The British car manufacturer, Aston Martin, has said that it is “limiting imports” to the US.
Aston Martin Lagonda told investors that he is taking advantage of his shares currently held in the US.
However, the company maintained its financial orientation by 2025 without changes, since it continues to exceed an important response plan.
Adrian Hallmark, executive director of Aston Martin, said: “We are carefully monitoring the evolutionary situation of the United States and we are currently limiting imports to the US. UU. While taking advantage of the actions in the hands of our US concessionaires.
“We remain attentive to event monitoring and respond to changes in the operational environment as they materialize.”
Aston Martin is among European car manufacturers who have seen value actions in value in recent months about the concerns about the potential impact of tariffs on the demand of their vehicles in the United States.
Last month, Aston Martin marginally reduced his sales guide for the year due to fear of tariff rules could cushion wholesale volumes.

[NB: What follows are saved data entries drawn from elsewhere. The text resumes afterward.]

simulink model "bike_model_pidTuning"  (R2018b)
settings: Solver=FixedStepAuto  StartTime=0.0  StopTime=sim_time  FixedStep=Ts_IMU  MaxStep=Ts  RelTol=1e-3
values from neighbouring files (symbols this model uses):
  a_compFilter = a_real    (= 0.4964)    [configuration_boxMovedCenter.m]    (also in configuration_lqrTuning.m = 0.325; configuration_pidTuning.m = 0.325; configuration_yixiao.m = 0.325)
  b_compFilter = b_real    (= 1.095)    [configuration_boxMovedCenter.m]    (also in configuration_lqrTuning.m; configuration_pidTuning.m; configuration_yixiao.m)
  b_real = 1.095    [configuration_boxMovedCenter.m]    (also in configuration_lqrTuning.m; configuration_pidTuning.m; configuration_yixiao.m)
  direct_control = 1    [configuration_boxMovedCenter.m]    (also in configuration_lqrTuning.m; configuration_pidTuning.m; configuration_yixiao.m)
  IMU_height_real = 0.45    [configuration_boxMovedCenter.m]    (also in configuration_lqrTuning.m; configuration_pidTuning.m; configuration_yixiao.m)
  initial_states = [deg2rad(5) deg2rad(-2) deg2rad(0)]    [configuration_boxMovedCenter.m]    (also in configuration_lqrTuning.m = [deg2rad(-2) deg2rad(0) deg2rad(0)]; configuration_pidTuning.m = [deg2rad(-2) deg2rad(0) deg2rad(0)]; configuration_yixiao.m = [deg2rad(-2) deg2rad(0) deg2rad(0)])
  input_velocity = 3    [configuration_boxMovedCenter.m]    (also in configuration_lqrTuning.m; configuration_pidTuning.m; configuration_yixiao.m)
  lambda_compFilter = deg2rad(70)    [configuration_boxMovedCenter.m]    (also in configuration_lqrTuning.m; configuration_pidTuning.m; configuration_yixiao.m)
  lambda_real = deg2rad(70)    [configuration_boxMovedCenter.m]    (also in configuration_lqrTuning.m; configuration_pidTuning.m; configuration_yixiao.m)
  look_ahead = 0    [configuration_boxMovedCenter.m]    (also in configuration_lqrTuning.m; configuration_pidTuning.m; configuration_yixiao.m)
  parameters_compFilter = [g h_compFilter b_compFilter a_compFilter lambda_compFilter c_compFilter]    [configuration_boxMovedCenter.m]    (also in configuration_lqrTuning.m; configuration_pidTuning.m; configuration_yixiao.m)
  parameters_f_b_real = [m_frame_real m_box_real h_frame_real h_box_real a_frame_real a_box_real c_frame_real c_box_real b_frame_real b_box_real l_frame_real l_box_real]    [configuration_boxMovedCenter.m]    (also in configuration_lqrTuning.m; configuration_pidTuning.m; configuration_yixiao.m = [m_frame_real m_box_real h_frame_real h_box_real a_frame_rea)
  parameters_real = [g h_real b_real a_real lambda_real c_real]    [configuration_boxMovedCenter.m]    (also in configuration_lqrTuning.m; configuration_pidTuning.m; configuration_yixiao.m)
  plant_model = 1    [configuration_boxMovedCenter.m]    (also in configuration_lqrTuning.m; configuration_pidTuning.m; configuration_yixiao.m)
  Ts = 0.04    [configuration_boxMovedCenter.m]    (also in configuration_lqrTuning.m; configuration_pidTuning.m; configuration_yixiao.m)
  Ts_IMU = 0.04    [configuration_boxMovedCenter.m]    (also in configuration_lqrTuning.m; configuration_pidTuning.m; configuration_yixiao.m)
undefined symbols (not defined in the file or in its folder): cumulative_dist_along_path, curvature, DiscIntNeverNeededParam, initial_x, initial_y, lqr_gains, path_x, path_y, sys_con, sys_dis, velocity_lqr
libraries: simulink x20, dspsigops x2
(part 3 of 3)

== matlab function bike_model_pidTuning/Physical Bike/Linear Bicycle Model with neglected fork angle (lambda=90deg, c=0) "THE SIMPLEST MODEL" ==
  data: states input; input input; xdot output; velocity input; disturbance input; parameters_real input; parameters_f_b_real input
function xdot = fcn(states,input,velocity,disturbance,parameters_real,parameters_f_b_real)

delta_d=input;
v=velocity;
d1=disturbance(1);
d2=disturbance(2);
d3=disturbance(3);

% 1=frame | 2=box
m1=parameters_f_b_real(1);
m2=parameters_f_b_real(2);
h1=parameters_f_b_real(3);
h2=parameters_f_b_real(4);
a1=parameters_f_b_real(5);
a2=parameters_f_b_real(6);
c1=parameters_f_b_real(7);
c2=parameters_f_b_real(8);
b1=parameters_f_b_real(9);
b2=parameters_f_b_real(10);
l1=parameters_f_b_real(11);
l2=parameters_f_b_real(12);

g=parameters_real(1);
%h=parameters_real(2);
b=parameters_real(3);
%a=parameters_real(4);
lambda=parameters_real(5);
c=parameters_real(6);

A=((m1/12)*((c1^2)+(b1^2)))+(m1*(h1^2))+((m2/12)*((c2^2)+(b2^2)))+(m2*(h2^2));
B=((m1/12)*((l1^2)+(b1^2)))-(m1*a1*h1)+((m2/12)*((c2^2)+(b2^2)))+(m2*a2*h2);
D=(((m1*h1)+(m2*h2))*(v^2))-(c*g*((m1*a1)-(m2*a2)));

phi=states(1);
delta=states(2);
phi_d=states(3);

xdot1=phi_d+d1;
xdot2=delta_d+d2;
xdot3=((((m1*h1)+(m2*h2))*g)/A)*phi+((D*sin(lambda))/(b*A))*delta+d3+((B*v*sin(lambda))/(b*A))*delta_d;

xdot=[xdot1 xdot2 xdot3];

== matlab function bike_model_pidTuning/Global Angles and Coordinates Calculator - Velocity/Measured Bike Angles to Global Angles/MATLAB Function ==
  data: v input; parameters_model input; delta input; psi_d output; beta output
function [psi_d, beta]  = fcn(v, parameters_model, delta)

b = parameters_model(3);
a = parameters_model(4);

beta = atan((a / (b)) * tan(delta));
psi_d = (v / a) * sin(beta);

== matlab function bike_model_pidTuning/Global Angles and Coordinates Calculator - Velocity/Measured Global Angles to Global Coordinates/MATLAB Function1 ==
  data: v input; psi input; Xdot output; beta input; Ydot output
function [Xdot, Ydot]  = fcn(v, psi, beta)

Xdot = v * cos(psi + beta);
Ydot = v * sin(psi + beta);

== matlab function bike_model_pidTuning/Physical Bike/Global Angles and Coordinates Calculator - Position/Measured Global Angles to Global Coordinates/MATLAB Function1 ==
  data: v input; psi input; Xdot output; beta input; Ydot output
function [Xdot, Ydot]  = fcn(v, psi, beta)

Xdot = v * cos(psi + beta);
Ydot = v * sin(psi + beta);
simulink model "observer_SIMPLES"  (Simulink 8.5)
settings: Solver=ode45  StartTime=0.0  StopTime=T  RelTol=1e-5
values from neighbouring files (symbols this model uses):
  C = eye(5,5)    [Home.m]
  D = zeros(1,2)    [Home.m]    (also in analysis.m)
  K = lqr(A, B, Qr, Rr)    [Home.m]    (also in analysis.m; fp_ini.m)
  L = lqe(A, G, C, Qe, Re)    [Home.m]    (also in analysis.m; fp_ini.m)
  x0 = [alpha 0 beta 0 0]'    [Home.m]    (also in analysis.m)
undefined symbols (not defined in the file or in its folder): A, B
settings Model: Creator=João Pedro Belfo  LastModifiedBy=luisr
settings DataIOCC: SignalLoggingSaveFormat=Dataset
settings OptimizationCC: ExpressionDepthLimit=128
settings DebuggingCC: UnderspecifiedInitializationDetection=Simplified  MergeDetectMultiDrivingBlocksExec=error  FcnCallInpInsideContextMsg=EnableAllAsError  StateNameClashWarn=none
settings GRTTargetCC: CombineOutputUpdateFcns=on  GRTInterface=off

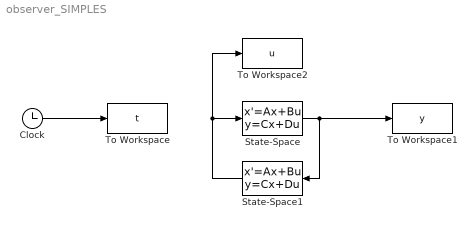
== system observer_SIMPLES ==
  Clock : Clock
  State-Space : StateSpace  A=A  B=B  C=C  D=[0;0]  X0=x0
  State-Space1 : StateSpace  A=A-B*K-L*C  B=L  C=-K  D=D  X0=0
  To Workspace : ToWorkspace  VariableName=t  SaveFormat=Timeseries  SampleTime=-1
  To Workspace1 : ToWorkspace  VariableName=y  SaveFormat=Timeseries  SampleTime=-1
  To Workspace2 : ToWorkspace  VariableName=u  SaveFormat=Timeseries  SampleTime=-1
  wires:
  Clock/1 -> To Workspace/1
  State-Space/1 -> State-Space1/1, To Workspace1/1
  State-Space1/1 -> To Workspace2/1, State-Space/1
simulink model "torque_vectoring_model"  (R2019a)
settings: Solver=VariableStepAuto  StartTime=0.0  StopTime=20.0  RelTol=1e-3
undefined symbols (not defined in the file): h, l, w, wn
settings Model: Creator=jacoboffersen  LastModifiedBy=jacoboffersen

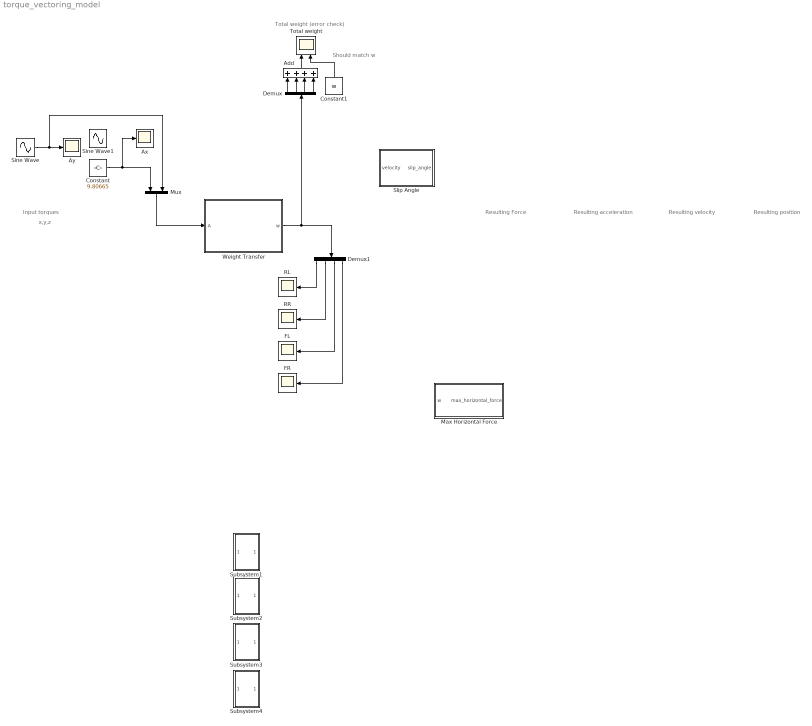
== system torque_vectoring_model ==
  note: x,y,z
  note: Resulting
      | acceleration
  note: Should match w
  note: Total weight (error check)
  note: Input torques
  note: Resulting
      | velocity
  note: Resulting
      | Force
  note: Resulting
      | position
  Add : Sum  Inputs=++++
  Ax : Scope
  Ay : Scope
  Constant : Constant  Value=9.80665
  Constant1 : Constant  Value=w
  Demux : Demux
  Demux1 : Demux
  FL : Scope
  FR : Scope
  Max Horizontal Force : Subsystem
  Mux : Mux  Inputs=2
  RL : Scope
  RR : Scope
  Sine Wave : Sin  Amplitude=9.80665  SampleTime=0
  Sine Wave1 : Sin  Amplitude=9.80665  SampleTime=0
  "Slip Angle " : Subsystem
  Subsystem1 : Subsystem
  Subsystem2 : Subsystem
  Subsystem3 : Subsystem
  Subsystem4 : Subsystem
  Total weight : Scope  NumInputPorts=2
  Weight Transfer : Subsystem
  wires:
  Sine Wave/1 -> Mux/2, Ay/1
  Constant/1 -> Mux/1, Ax/1
  Add/1 -> Total weight/1
  Demux/1 -> Add/1
  Demux/2 -> Add/2
  Demux/3 -> Add/3
  Demux/4 -> Add/4
  Mux/1 -> Weight Transfer/1(A)
  Constant1/1 -> Total weight/2
  Demux1/4 -> FR/1
  Demux1/3 -> FL/1
  Demux1/2 -> RR/1
  Demux1/1 -> RL/1
  Weight Transfer/1(w) -> Demux/1, Demux1/1

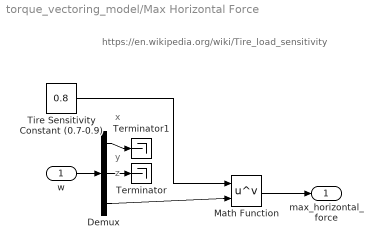
== system torque_vectoring_model/Max Horizontal Force ==
  note: https://en.wikipedia.org/wiki/Tire_load_sensitivity
  note: z
  note: y
  note: x
  w : Inport
  Demux : Demux  Outputs=3
  Math Function : Math  Operator=pow  SaturateOnIntegerOverflow=on
  Terminator : Terminator
  Terminator1 : Terminator
  Tire Sensitivity Constant (0.7-0.9) : Constant  Value=0.8
  max_horizontal_force : Outport
  wires:
  w/1 -> Demux/1
  Demux/3 -> Math Function/2
  Tire Sensitivity Constant (0.7-0.9)/1 -> Math Function/1
  Math Function/1 -> max_horizontal_force/1
  Demux/1 -> Terminator1/1
  Demux/2 -> Terminator/1

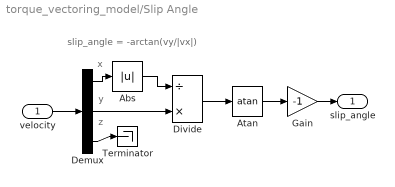
== system torque_vectoring_model/Slip Angle  ==
  note: slip_angle = -arctan(vy/|vx|)
  note: z
  note: y
  note: x
  velocity : Inport
  Abs : Abs
  Atan : Trigonometry  Operator=atan
  Demux : Demux  Outputs=3
  Divide : Product  Inputs=/*
  Gain : Gain  Gain=-1
  Terminator : Terminator
  slip_angle : Outport
  wires:
  velocity/1 -> Demux/1
  Gain/1 -> slip_angle/1
  Atan/1 -> Gain/1
  Divide/1 -> Atan/1
  Demux/1 -> Abs/1
  Abs/1 -> Divide/1
  Demux/2 -> Divide/2
  Demux/3 -> Terminator/1

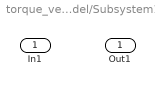
== system torque_vectoring_model/Subsystem1 ==
  In1 : Inport
  Out1 : Outport

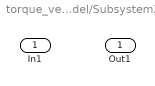
== system torque_vectoring_model/Subsystem2 ==
  In1 : Inport
  Out1 : Outport

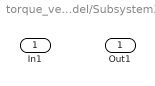
== system torque_vectoring_model/Subsystem3 ==
  In1 : Inport
  Out1 : Outport

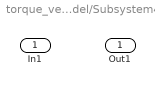
== system torque_vectoring_model/Subsystem4 ==
  In1 : Inport
  Out1 : Outport

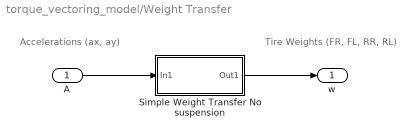
== system torque_vectoring_model/Weight Transfer ==
  note: Tire Weights (FR, FL, RR, RL)
  note: Accelerations (ax, ay)
  A : Inport
  Simple Weight Transfer No suspension : Subsystem
  w : Outport
  wires:
  A/1 -> Simple Weight Transfer No suspension/1(In1)
  Simple Weight Transfer No suspension/1(Out1) -> w/1

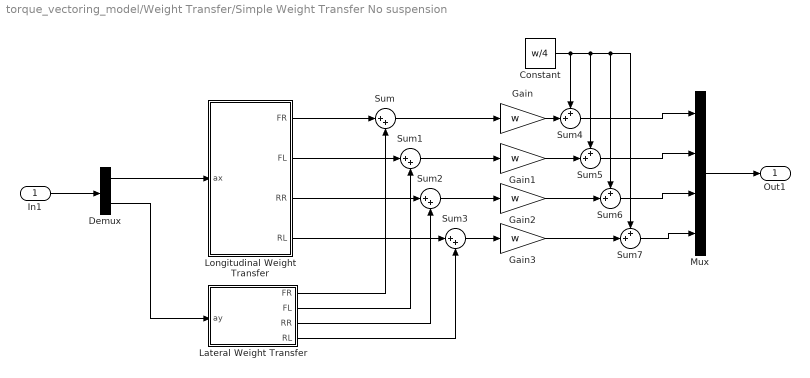
== system torque_vectoring_model/Weight Transfer/Simple Weight Transfer No suspension ==
  In1 : Inport
  Constant : Constant  Value=w/4
  Demux : Demux  Outputs=2
  Gain{,1..3} (4 alike) : Gain  Gain=w
  "Lateral Weight Transfer " : Subsystem
  Longitudinal Weight Transfer : Subsystem
  Mux : Mux
  Sum{,1..3} (4 alike) : Sum  Inputs=|++
  Sum{4..7} (4 alike) : Sum  Inputs=++|
  Out1 : Outport
  wires:
  Longitudinal Weight Transfer/4(RL) -> Sum3/1
  Sum/1 -> Gain/1
  "Lateral Weight Transfer "/4(RL) -> Sum3/2
  Sum1/1 -> Gain1/1
  "Lateral Weight Transfer "/1(FR) -> Sum/2
  Mux/1 -> Out1/1
  Longitudinal Weight Transfer/2(FL) -> Sum1/1
  In1/1 -> Demux/1
  Constant/1 -> Sum4/1, Sum5/1, Sum6/1, Sum7/1
  Longitudinal Weight Transfer/3(RR) -> Sum2/1
  Gain2/1 -> Sum6/2
  "Lateral Weight Transfer "/3(RR) -> Sum2/2
  Sum3/1 -> Gain3/1
  Gain/1 -> Sum4/2
  Sum2/1 -> Gain2/1
  Demux/1 -> Longitudinal Weight Transfer/1(ax)
  Gain1/1 -> Sum5/2
  Longitudinal Weight Transfer/1(FR) -> Sum/1
  Sum7/1 -> Mux/4
  Sum6/1 -> Mux/3
  Demux/2 -> "Lateral Weight Transfer "/1(ay)
  Sum5/1 -> Mux/2
  Gain3/1 -> Sum7/2
  "Lateral Weight Transfer "/2(FL) -> Sum1/2
  Sum4/1 -> Mux/1

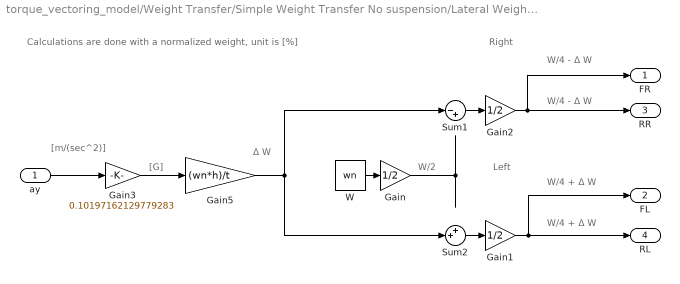
== system torque_vectoring_model/Weight Transfer/Simple Weight Transfer No suspension/Lateral Weight Transfer  ==
  note: Calculations are done with a normalized weight, unit is [%]
  note: [G]
  note: Left
  note: Right
  note: [m/(sec^2)]
  note: Δ W
  note: W/2
  note: W/4 - Δ W
  note: W/4 - Δ W
  note: W/4 + Δ W
  note: W/4 + Δ W
  ay : Inport
  Gain : Gain  Gain=1/2
  Gain1 : Gain  Gain=1/2
  Gain2 : Gain  Gain=1/2
  Gain3 : Gain  Gain=0.10197162129779283
  Gain5 : Gain  Gain=(wn*h)/t
  Sum1 : Sum  Inputs=|-+
  Sum2 : Sum  Inputs=++|
  W : Constant  Value=wn
  FR : Outport
  FL : Outport  Port=2
  RR : Outport  Port=3
  RL : Outport  Port=4
  wires:
  Sum1/1 -> Gain2/1
  Gain/1 -> ?
  Gain1/1 -> FL/1, RL/1
  Gain2/1 -> FR/1, RR/1
  Sum2/1 -> Gain1/1
  W/1 -> Gain/1
  Gain5/1 -> Sum1/1, Sum2/2
  ay/1 -> Gain3/1
  Gain3/1 -> Gain5/1

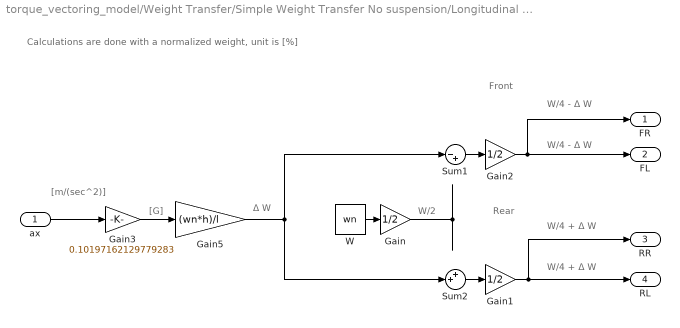
== system torque_vectoring_model/Weight Transfer/Simple Weight Transfer No suspension/Longitudinal Weight Transfer ==
  note: [G]
  note: Rear
  note: Front
  note: [m/(sec^2)]
  note: Δ W
  note: W/2
  note: W/4 - Δ W
  note: W/4 - Δ W
  note: W/4 + Δ W
  note: W/4 + Δ W
  note: Calculations are done with a normalized weight, unit is [%]
  ax : Inport
  Gain : Gain  Gain=1/2
  Gain1 : Gain  Gain=1/2
  Gain2 : Gain  Gain=1/2
  Gain3 : Gain  Gain=0.10197162129779283
  Gain5 : Gain  Gain=(wn*h)/l
  Sum1 : Sum  Inputs=|-+
  Sum2 : Sum  Inputs=++|
  W : Constant  Value=wn
  FR : Outport
  FL : Outport  Port=2
  RR : Outport  Port=3
  RL : Outport  Port=4
  wires:
  Sum1/1 -> Gain2/1
  Gain/1 -> ?
  Gain1/1 -> RR/1, RL/1
  Gain2/1 -> FL/1, FR/1
  Sum2/1 -> Gain1/1
  W/1 -> Gain/1
  Gain5/1 -> Sum1/1, Sum2/2
  ax/1 -> Gain3/1
  Gain3/1 -> Gain5/1

The company, which performs about 30% of its sales through the United States, emphasized on Wednesday that rates of rates are still “uncertain.”
It occurred when the firm also reported that operational losses grew during the first three months of 2025.
Meanwhile, he reported a loss before taxes of £ 79.6 million for the quarter, below a loss of £ 138.9 million the previous year.
Total income fell 13% to £ 233.9 million for the quarter.
It comes in a significant review in Aston Martin, since it seeks to underpin its long -term finances.
In February, the group said that it plans to sell its minority participation in the Formula One team of Aston Martin Aramco and confirmed that Lawrence Stroll's Consortium would invest £ 52.5 million to increase its participation in the business.
Aston Martin said that the two agreements were expected to improve the group's liquidity in more than 125 million.